Barría reflexiona: “Se pierde la tradición y se pierde el paisaje arrasado por los bosques. La gente se fue del campo. Cuando yo arrendé la viña en Guarilihue, un trabajador me contó que llegó a haber tres equipos de fútboll con tres series cada uno, hoy hay un equipo, y una serie; la zona se despobló buscando otro futuro”.

Los Agrónomos-Enólogos del Itata liderado por Barría, también estamos promoviendo la experimentación con las viejas parras de cinsault que crecen junto a la moscatel en las zonas más frías y costeras del Itata; allí donde el más tardío país tiene dificultar para madurar. Barría cuenta que ya han comprado y vinificado cinsault las viñas Montes, San Pedro, Koyle, Undurraga y Terranoble, y también Barría Wines. Será a fines de octubre, durante una visita organizada para profesionales organizada por la agrupación, cuando todos estos vinos, así como los de los productores locales, se mostrarán abiertamente. ¡Interesados estén atentos!

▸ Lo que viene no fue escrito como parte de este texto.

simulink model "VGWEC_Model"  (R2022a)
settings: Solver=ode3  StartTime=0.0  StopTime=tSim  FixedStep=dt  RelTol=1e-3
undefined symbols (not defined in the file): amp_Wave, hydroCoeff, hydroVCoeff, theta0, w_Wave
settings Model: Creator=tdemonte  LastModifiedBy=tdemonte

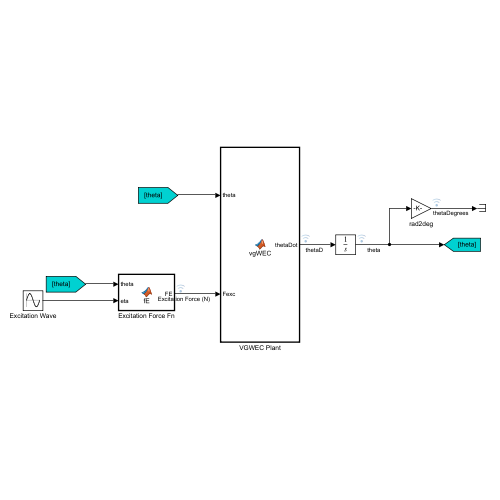
[thumbnail: Simulink's stored preview of the top-level diagram]
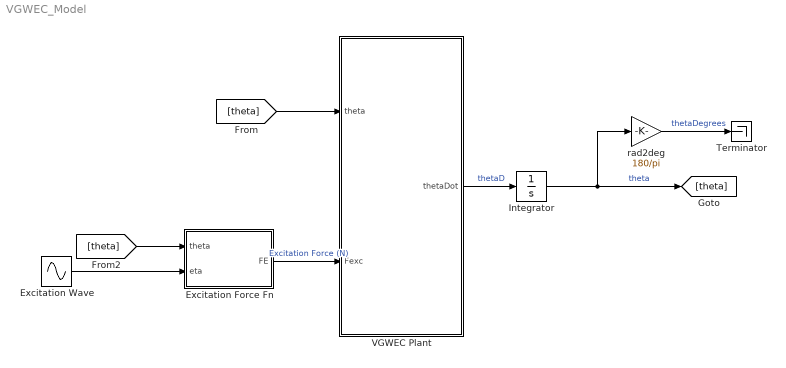
== system VGWEC_Model ==
  Excitation Force Fn : MATLAB Function  TreatAsAtomicUnit=on
  Excitation Wave : Sin  Amplitude=amp_Wave  Frequency=w_Wave  SampleTime=0
  Integrator : Integrator  InitialCondition=theta0
  Terminator : Terminator
  VGWEC Plant : MATLAB Function  TreatAsAtomicUnit=on
  rad2deg : Gain  Gain=180/pi
  wires:
  VGWEC Plant/1(thetaDot) -> Integrator/1  "thetaD"
  Integrator/1 -> rad2deg/1, [theta]  "theta"
  [theta] -> VGWEC Plant/1(theta)
  Excitation Force Fn/1(FE) -> VGWEC Plant/2(Fexc)  "Excitation Force (N)"
  Excitation Wave/1 -> Excitation Force Fn/2(eta)
  [theta] -> Excitation Force Fn/1(theta)
  rad2deg/1 -> Terminator/1  "thetaDegrees"

== matlab function VGWEC_Model/VGWEC Plant ==
  data: theta input size=2; thetaDot output size=[1 2]; Fexc input size=1; hydroVCoeff parameter; hydroCoeff parameter; w_Wave parameter
function thetaDot = vgWEC(theta, Fexc, hydroVCoeff, hydroCoeff, w_Wave)

% Declare the plant as an extrinsic function
%coder.extrinsic('vgWecPlant');

thetaDot = vgWecPlant(theta,w_Wave,hydroCoeff,hydroVCoeff, Fexc);

== matlab function VGWEC_Model/Excitation Force Fn ==
  data: theta input size=[1 2]; FE output double size=1; eta input size=1; hydroCoeff parameter; hydroVCoeff parameter; w_Wave parameter
function FE = fE(theta,eta,hydroCoeff, hydroVCoeff, w_Wave)

% Declare the excitation force function as an extrinsic function
%coder.extrinsic('fExc');

FE = fExc(theta, eta, w_Wave,hydroVCoeff,hydroCoeff);

El objetivo hoy explica Barría,  es que se pague mejor por las uvas, sin modificar el Decreto 464 de Denominación de Origen (*), para que el vino de Itata –que es muy escaso- no se pierda en las mezclas del gran Valle Central, como ocurre hoy. “Estamos buscando mejorar el valle y no sacar productos malos, porque si es así nos quedamos con precios bajos, y para subir precio hay que hacer buenos productos. Para eso concluye, estamos aportando la tecnología y abriendo la vista para poder avanzar dándole valor al valle, y así sacar la imagen del vino pipeño, que le ha restando valor a la uva, pues sólo se consume en boliches locales”. 

(*) Según Decreto N°464,  ni país ni cinsault son variedades finas, por lo tanto no pueden aparecer en etiquetas,  a menos que provengan del secano interior (entre Mataquito y Bío-Bío).